SENSEVAL-2 Spanish lexical-sample task

vME+SM is an enrichment of vME: we added the SM classifier to the combination of the three ME systems in vME (see Section 3.3). The results on the Spanish lexical-sample task from SENSEVAL-2 are shown in Table 17. Because it only works with nouns, vME+SM improves accuracy for them only, but obtains the same score as JHU(R) while the overall score reaches the second place.

Table: vME+SM in the Spanish lexical-sample task of SENSEVAL-2

	ALL		Nouns
0.713	jhu(R)	0.702	jhu(R)
0.684	vME+SM	0.702	vME+SM
0.682	jhu	0.683	MEbfs.pos
0.677	MEbfs.pos	0.681	jhu
0.676	vME	0.678	vME
0.670	css244	0.661	MEbfs
0.667	MEbfs	0.652	css244
0.658	MEfix	0.646	MEfix
0.627	umd-sst	0.621	duluth 8
0.617	duluth 8	0.612	duluth Z
0.610	duluth 10	0.611	duluth 10
0.595	duluth Z	0.603	umd-sst
0.595	duluth 7	0.592	duluth 6
0.582	duluth 6	0.590	duluth 7
0.578	duluth X	0.586	duluth X
0.560	duluth 9	0.557	duluth 9
0.548	ua	0.514	duluth Y
0.524	duluth Y	0.464	ua

These results show that methods like SM and ME can be combined in order to achieve good disambiguation results. Our results are in line with those of Pedersen2002, which also presents a comparative evaluation between the systems that participated in the Spanish and English lexical-sample tasks of SENSEVAL-2. Their focus is on pair comparisons between systems to assess the degree to which they agree, and on measuring the difficulty of the test instances included in these tasks. If several systems are largely in agreement, then there is little benefit in combining them since they are redundant and they will simply reinforce each other. However, if some systems disambiguate instances that others do not, then the systems are complementary and it may be possible to combine them to take advantage of the different strengths of each system to improve overall accuracy.

The results for nouns (only applying SM), shown in Table 18, indicate that SM has a low level of agreement with all the other methods.
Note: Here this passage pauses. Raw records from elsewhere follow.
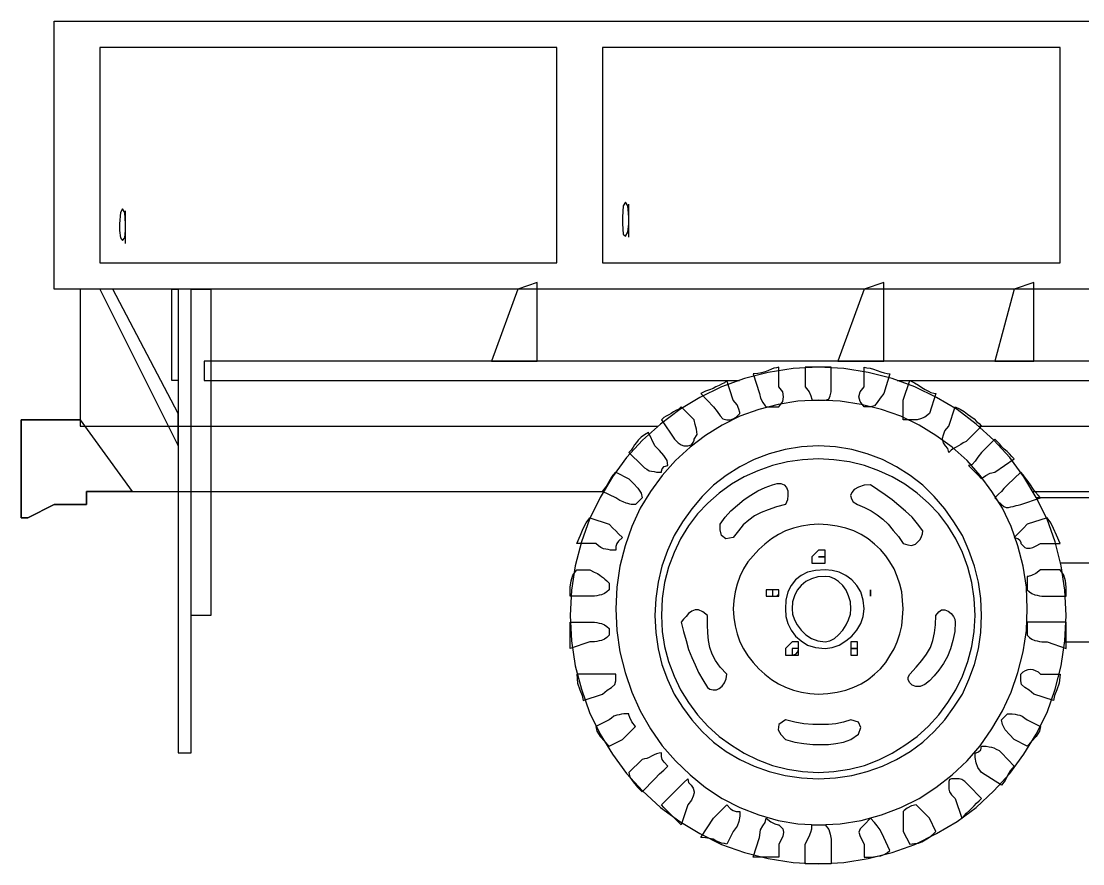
# Model space of a CAD drawing. Header units: millimetres. Extents: x -3106.05 to -3100.2, y 1822.95 to 1825.11.
# Drawn here: x -3106.054 to -3104.219, y 1822.951 to 1824.408 of the extents above; entities that cross this region are included whole.
import ezdxf

# ---------------------------------------------------------------- set-up
doc = ezdxf.new("R2010")
doc.units = ezdxf.units.MM
doc.header["$LTSCALE"] = 10
doc.layers.add('Veículos', color=2, linetype='Continuous')

msp = doc.modelspace()

# ---------------------------------------------------------------- linework, layer by layer
at = {"layer": 'Veículos'}
for points in [[(-3102.4519, 1823.9442), (-3105.9975, 1823.9442), (-3105.9975, 1824.4076), (-3102.4519, 1824.4076), (-3102.4519, 1823.9442)], [(-3105.1284, 1824.3621), (-3105.9187, 1824.3621), (-3105.9187, 1823.9897), (-3105.1284, 1823.9897), (-3105.1284, 1824.3621)], [(-3105.1284, 1824.3621), (-3105.9187, 1824.3621), (-3105.9187, 1823.9897)], [(-3104.2584, 1824.3621), (-3105.0495, 1824.3621), (-3105.0495, 1823.9897), (-3104.2584, 1823.9897), (-3104.2584, 1824.3621)], [(-3104.2584, 1824.3621), (-3105.0495, 1824.3621), (-3105.0495, 1823.9897)], [(-3105.8739, 1824.0572), (-3105.8756, 1824.0767), (-3105.8796, 1824.0832), (-3105.8829, 1824.0767), (-3105.8845, 1824.0572), (-3105.8845, 1824.0458), (-3105.8829, 1824.0328), (-3105.8796, 1824.0287), (-3105.8756, 1824.0328), (-3105.8739, 1824.0458), (-3105.8739, 1824.0572)], [(-3105.004, 1824.0686), (-3105.0056, 1824.0881), (-3105.0096, 1824.0946), (-3105.0137, 1824.0881), (-3105.0153, 1824.0686), (-3105.0153, 1824.0572), (-3105.0137, 1824.0393), (-3105.0096, 1824.036), (-3105.0056, 1824.0426), (-3105.004, 1824.0572), (-3105.004, 1824.0686)], [(-3105.004, 1824.0344), (-3105.004, 1824.036), (-3105.004, 1824.0417), (-3105.004, 1824.0491), (-3105.004, 1824.0572), (-3105.004, 1824.0686), (-3105.004, 1824.0767), (-3105.004, 1824.084), (-3105.004, 1824.0897), (-3105.004, 1824.0913)], [(-3105.8739, 1824.023), (-3105.8739, 1824.0247), (-3105.8739, 1824.0304), (-3105.8739, 1824.0377), (-3105.8739, 1824.0458), (-3105.8739, 1824.0572), (-3105.8739, 1824.0702), (-3105.8739, 1824.0775), (-3105.8739, 1824.08), (-3105.8739, 1824.08)], [(-3105.1625, 1823.9556), (-3105.1958, 1823.9442), (-3105.2414, 1823.8198), (-3105.1625, 1823.8198), (-3105.1625, 1823.9556)], [(-3104.5633, 1823.9556), (-3104.5975, 1823.9442), (-3104.643, 1823.8198), (-3104.5633, 1823.8198), (-3104.5633, 1823.9556)], [(-3104.304, 1823.9556), (-3104.3381, 1823.9442), (-3104.3714, 1823.8198), (-3104.304, 1823.8198), (-3104.304, 1823.9556)], [(-3102.4746, 1823.9442), (-3105.9528, 1823.9442), (-3105.9528, 1823.7076), (-3104.9531, 1823.7076)], [(-3105.8959, 1823.9442), (-3105.9187, 1823.9442), (-3105.7829, 1823.6734), (-3105.7829, 1823.7295), (-3105.8959, 1823.9442)], [(-3105.7942, 1823.9442), (-3105.7829, 1823.9442), (-3105.7829, 1823.7865), (-3105.7942, 1823.7865), (-3105.7942, 1823.9442)], [(-3105.7609, 1823.9442), (-3105.7829, 1823.9442), (-3105.7829, 1823.1425), (-3105.7609, 1823.1425), (-3105.7609, 1823.9442)], [(-3105.7609, 1823.9442), (-3105.7268, 1823.9442), (-3105.7268, 1823.3799), (-3105.7609, 1823.3799), (-3105.7609, 1823.9442)], [(-3103.5608, 1823.7865), (-3102.4746, 1823.7865), (-3102.4746, 1823.8198), (-3105.7382, 1823.8198), (-3105.7382, 1823.7865)], [(-3104.6763, 1823.8092), (-3104.7202, 1823.8068), (-3104.7633, 1823.8003), (-3104.804, 1823.7897), (-3104.8438, 1823.7751), (-3104.8812, 1823.7572), (-3104.9162, 1823.736), (-3104.9495, 1823.7108), (-3104.9804, 1823.6832), (-3105.008, 1823.6531), (-3105.0324, 1823.6198), (-3105.0536, 1823.584), (-3105.0723, 1823.5466), (-3105.0861, 1823.5076), (-3105.0966, 1823.4661), (-3105.1032, 1823.4238), (-3105.1056, 1823.3799), (-3105.1032, 1823.336), (-3105.0966, 1823.2929), (-3105.0861, 1823.2523), (-3105.0723, 1823.2124), (-3105.0536, 1823.175), (-3105.0324, 1823.1401), (-3105.008, 1823.1067), (-3104.9804, 1823.0767), (-3104.9495, 1823.0482), (-3104.9162, 1823.0238), (-3104.8812, 1823.0027), (-3104.8438, 1822.984), (-3104.804, 1822.9701), (-3104.7633, 1822.9596), (-3104.7202, 1822.9531), (-3104.6763, 1822.9506), (-3104.6324, 1822.9531), (-3104.5901, 1822.9596), (-3104.5487, 1822.9701), (-3104.5096, 1822.984), (-3104.4722, 1823.0027), (-3104.4365, 1823.0238), (-3104.4039, 1823.0482), (-3104.373, 1823.0767), (-3104.3454, 1823.1067), (-3104.321, 1823.1401), (-3104.2999, 1823.175), (-3104.2812, 1823.2124), (-3104.2673, 1823.2523), (-3104.2568, 1823.2929), (-3104.2503, 1823.336), (-3104.2478, 1823.3799), (-3104.2503, 1823.4238), (-3104.2568, 1823.4661), (-3104.2673, 1823.5076), (-3104.2812, 1823.5466), (-3104.2999, 1823.584), (-3104.321, 1823.6198), (-3104.3454, 1823.6531), (-3104.373, 1823.6832), (-3104.4039, 1823.7108), (-3104.4365, 1823.736), (-3104.4722, 1823.7572), (-3104.5096, 1823.7751), (-3104.5487, 1823.7897), (-3104.5901, 1823.8003), (-3104.6324, 1823.8068), (-3104.6763, 1823.8092)], [(-3104.7446, 1823.8092), (-3104.7487, 1823.8084), (-3104.7535, 1823.8076), (-3104.7576, 1823.8059), (-3104.7625, 1823.8035), (-3104.7682, 1823.8011), (-3104.7747, 1823.7995), (-3104.7812, 1823.7987), (-3104.7893, 1823.7978), (-3104.778, 1823.7637), (-3104.7763, 1823.7556), (-3104.7723, 1823.7482), (-3104.7682, 1823.7425), (-3104.7666, 1823.7409), (-3104.7584, 1823.7409), (-3104.7519, 1823.7409), (-3104.7462, 1823.7409), (-3104.7446, 1823.7409), (-3104.7381, 1823.7499), (-3104.7365, 1823.758), (-3104.7381, 1823.7669), (-3104.7446, 1823.7751), (-3104.7446, 1823.8092)], [(-3104.6544, 1823.8092), (-3104.6584, 1823.8092), (-3104.6625, 1823.8092), (-3104.6674, 1823.8092), (-3104.6722, 1823.8092), (-3104.6779, 1823.8092), (-3104.6836, 1823.8092), (-3104.691, 1823.8092), (-3104.6991, 1823.8092), (-3104.6991, 1823.7751), (-3104.6926, 1823.7669), (-3104.6893, 1823.7596), (-3104.6877, 1823.7539), (-3104.6877, 1823.7523), (-3104.6796, 1823.7523), (-3104.6722, 1823.7523), (-3104.6665, 1823.7523), (-3104.6649, 1823.7523), (-3104.6584, 1823.7539), (-3104.656, 1823.7596), (-3104.6544, 1823.7669), (-3104.6544, 1823.7751), (-3104.6544, 1823.8092)], [(-3104.5975, 1823.8092), (-3104.5926, 1823.8084), (-3104.5869, 1823.8076), (-3104.5812, 1823.8059), (-3104.5747, 1823.8035), (-3104.5682, 1823.8011), (-3104.5625, 1823.7995), (-3104.5576, 1823.7987), (-3104.5527, 1823.7978), (-3104.5633, 1823.7637), (-3104.5698, 1823.7556), (-3104.5747, 1823.7482), (-3104.5796, 1823.7425), (-3104.5861, 1823.7409), (-3104.5975, 1823.7409), (-3104.604, 1823.7499), (-3104.6064, 1823.758), (-3104.604, 1823.7669), (-3104.5975, 1823.7751), (-3104.5975, 1823.8092)], [(-3105.7382, 1823.7865), (-3104.8128, 1823.7865)], [(-3104.8348, 1823.7865), (-3104.8389, 1823.7824), (-3104.8438, 1823.7799), (-3104.8479, 1823.7775), (-3104.8536, 1823.7751), (-3104.8584, 1823.7726), (-3104.8649, 1823.7702), (-3104.8715, 1823.7677), (-3104.8796, 1823.7637), (-3104.8576, 1823.7409), (-3104.8511, 1823.7328), (-3104.8462, 1823.7255), (-3104.8414, 1823.7198), (-3104.8348, 1823.7181), (-3104.8284, 1823.7181), (-3104.8235, 1823.7198), (-3104.8186, 1823.723), (-3104.8121, 1823.7295), (-3104.8121, 1823.7312), (-3104.8137, 1823.7369), (-3104.817, 1823.7442), (-3104.8235, 1823.7523), (-3104.8348, 1823.7865)], [(-3104.54, 1823.7865), (-3103.895, 1823.7865)], [(-3104.5186, 1823.7865), (-3104.5105, 1823.7824), (-3104.5031, 1823.7783), (-3104.4974, 1823.7742), (-3104.4917, 1823.771), (-3104.486, 1823.7677), (-3104.482, 1823.7653), (-3104.4771, 1823.7645), (-3104.4731, 1823.7637), (-3104.4844, 1823.7295), (-3104.4926, 1823.723), (-3104.4999, 1823.7198), (-3104.5056, 1823.7181), (-3104.5072, 1823.7181), (-3104.5153, 1823.7181), (-3104.5227, 1823.7181), (-3104.5283, 1823.7181), (-3104.53, 1823.7181), (-3104.53, 1823.7271), (-3104.53, 1823.7352), (-3104.53, 1823.7442), (-3104.53, 1823.7523), (-3104.5186, 1823.7865)], [(-3104.6763, 1823.7523), (-3104.7121, 1823.7507), (-3104.7462, 1823.745), (-3104.7796, 1823.736), (-3104.8121, 1823.7246), (-3104.843, 1823.7092), (-3104.8715, 1823.6913), (-3104.8983, 1823.671), (-3104.9235, 1823.6482), (-3104.9462, 1823.6222), (-3104.9666, 1823.5946), (-3104.9845, 1823.5653), (-3104.9991, 1823.5336), (-3105.0105, 1823.5002), (-3105.0194, 1823.4653), (-3105.0251, 1823.4287), (-3105.0267, 1823.3913), (-3105.0251, 1823.3539), (-3105.0194, 1823.3173), (-3105.0105, 1823.2815), (-3104.9991, 1823.2474), (-3104.9845, 1823.2149), (-3104.9666, 1823.184), (-3104.9462, 1823.1547), (-3104.9235, 1823.1287), (-3104.8983, 1823.1043), (-3104.8715, 1823.0824), (-3104.843, 1823.0636), (-3104.8121, 1823.0482), (-3104.7796, 1823.0352), (-3104.7462, 1823.0254), (-3104.7121, 1823.0197), (-3104.6763, 1823.0181), (-3104.6389, 1823.0197), (-3104.6023, 1823.0254), (-3104.5674, 1823.0352), (-3104.534, 1823.0482), (-3104.5023, 1823.0636), (-3104.4731, 1823.0824), (-3104.4454, 1823.1043), (-3104.4194, 1823.1287), (-3104.3966, 1823.1547), (-3104.3763, 1823.184), (-3104.3584, 1823.2149), (-3104.343, 1823.2474), (-3104.3316, 1823.2815), (-3104.3226, 1823.3173), (-3104.3169, 1823.3539), (-3104.3153, 1823.3913), (-3104.3169, 1823.4287), (-3104.3226, 1823.4653), (-3104.3316, 1823.5002), (-3104.343, 1823.5336), (-3104.3584, 1823.5653), (-3104.3763, 1823.5946), (-3104.3966, 1823.6222), (-3104.4194, 1823.6482), (-3104.4454, 1823.671), (-3104.4731, 1823.6913), (-3104.5023, 1823.7092), (-3104.534, 1823.7246), (-3104.5674, 1823.736), (-3104.6023, 1823.745), (-3104.6389, 1823.7507), (-3104.6763, 1823.7523)], [(-3104.9137, 1823.7409), (-3104.9178, 1823.7369), (-3104.9227, 1823.7344), (-3104.9267, 1823.732), (-3104.9308, 1823.7295), (-3104.9349, 1823.7271), (-3104.9397, 1823.7246), (-3104.9438, 1823.7222), (-3104.9479, 1823.7181), (-3104.9251, 1823.6848), (-3104.9186, 1823.6783), (-3104.9137, 1823.675), (-3104.9089, 1823.6734), (-3104.9023, 1823.6734), (-3104.8958, 1823.675), (-3104.8926, 1823.6791), (-3104.891, 1823.6832), (-3104.891, 1823.6848), (-3104.8861, 1823.6929), (-3104.8869, 1823.7019), (-3104.8893, 1823.71), (-3104.891, 1823.7181), (-3104.9137, 1823.7409)], [(-3104.4397, 1823.7409), (-3104.4316, 1823.7369), (-3104.4243, 1823.7328), (-3104.4186, 1823.7279), (-3104.4129, 1823.7238), (-3104.4072, 1823.7198), (-3104.4031, 1823.7157), (-3104.3982, 1823.7117), (-3104.3942, 1823.7076), (-3104.417, 1823.6848), (-3104.421, 1823.6807), (-3104.4259, 1823.6783), (-3104.43, 1823.6759), (-3104.434, 1823.6734), (-3104.4381, 1823.671), (-3104.443, 1823.6686), (-3104.447, 1823.6661), (-3104.4511, 1823.6621), (-3104.4527, 1823.6686), (-3104.4568, 1823.6734), (-3104.46, 1823.6783), (-3104.4617, 1823.6848), (-3104.4617, 1823.6864), (-3104.46, 1823.6921), (-3104.4576, 1823.6995), (-3104.4511, 1823.7076), (-3104.4397, 1823.7409)], [(-3105.9528, 1823.7181), (-3106.0544, 1823.7181), (-3106.0544, 1823.549), (-3106.0431, 1823.549), (-3105.9975, 1823.5718), (-3105.9414, 1823.5718), (-3105.9414, 1823.5946), (-3105.0473, 1823.5946)], [(-3106.0544, 1823.7181), (-3105.9528, 1823.7181), (-3105.8626, 1823.5946), (-3105.9414, 1823.5946), (-3105.9414, 1823.5718), (-3105.9975, 1823.5718), (-3106.0431, 1823.549), (-3106.0544, 1823.549), (-3106.0544, 1823.7181)], [(-3104.9698, 1823.6962), (-3104.9771, 1823.6921), (-3104.9828, 1823.6881), (-3104.9877, 1823.6832), (-3104.991, 1823.6791), (-3104.9942, 1823.675), (-3104.9967, 1823.671), (-3104.9999, 1823.6661), (-3105.004, 1823.6621), (-3104.9812, 1823.6393), (-3104.9771, 1823.6352), (-3104.9731, 1823.6328), (-3104.969, 1823.6303), (-3104.9649, 1823.6295), (-3104.9601, 1823.6287), (-3104.956, 1823.6279), (-3104.9519, 1823.6279), (-3104.9479, 1823.6279), (-3104.9479, 1823.6295), (-3104.9462, 1823.6336), (-3104.943, 1823.6377), (-3104.9365, 1823.6393), (-3104.9381, 1823.6482), (-3104.9438, 1823.6564), (-3104.9511, 1823.6653), (-3104.9593, 1823.6734), (-3104.9698, 1823.6962)], [(-3104.4003, 1823.7076), (-3104.017, 1823.7076)], [(-3104.3381, 1823.6507), (-3104.3422, 1823.6547), (-3104.3462, 1823.6596), (-3104.3503, 1823.6637), (-3104.3551, 1823.6678), (-3104.3592, 1823.6718), (-3104.3633, 1823.6767), (-3104.3674, 1823.6807), (-3104.3714, 1823.6848), (-3104.3942, 1823.6621), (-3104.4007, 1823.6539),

However, the measure of optimal combination is quite high, reaching 89% (1.00-0.11) for the pairing of SM and JHU. In fact, all seven of the other methods achieved their highest optimal combination value when paired with the SM method.

Table 18: Optimal combination between the systems that participated in the Spanish lexical-sample tasks of SENSEVAL-2

System pair for nouns	Both OK¹	One OK ²	Zero OK ³	Kappa ⁴
SM and JHU	0.29	0.32	0.11	0.06
SM and Duluth7	0.27	0.34	0.12	0.03
SM and DuluthY	0.25	0.35	0.12	0.01
SM and Duluth8	0.28	0.32	0.13	0.08
SM and Cs224	0.28	0.32	0.13	0.09
SM and Umcp	0.26	0.33	0.14	0.06
SM and Duluth9	0.26	0.31	0.16	0.14

¹ Percentage of instances where both systems answers were correct.

² Percentage of instances where only one answer is correct.

³ Percentage of instances where none of both answers is correct.

⁴ The kappa statistic Cohen1960 is a measure of agreement between multiple systems (or judges) that is scaled by the agreement that would be expected just by chance. A value of 1.00 suggests complete agreement, while 0.00 indicates pure chance agreement.

This combination of circumstances suggests that SM, being a knowledge-based method, is fundamentally different from the others (i.e., corpus-based) methods, and is able to disambiguate a certain set of instances where the other methods fail. In fact, SM is different in that it is the only method that uses the structure of WordNet.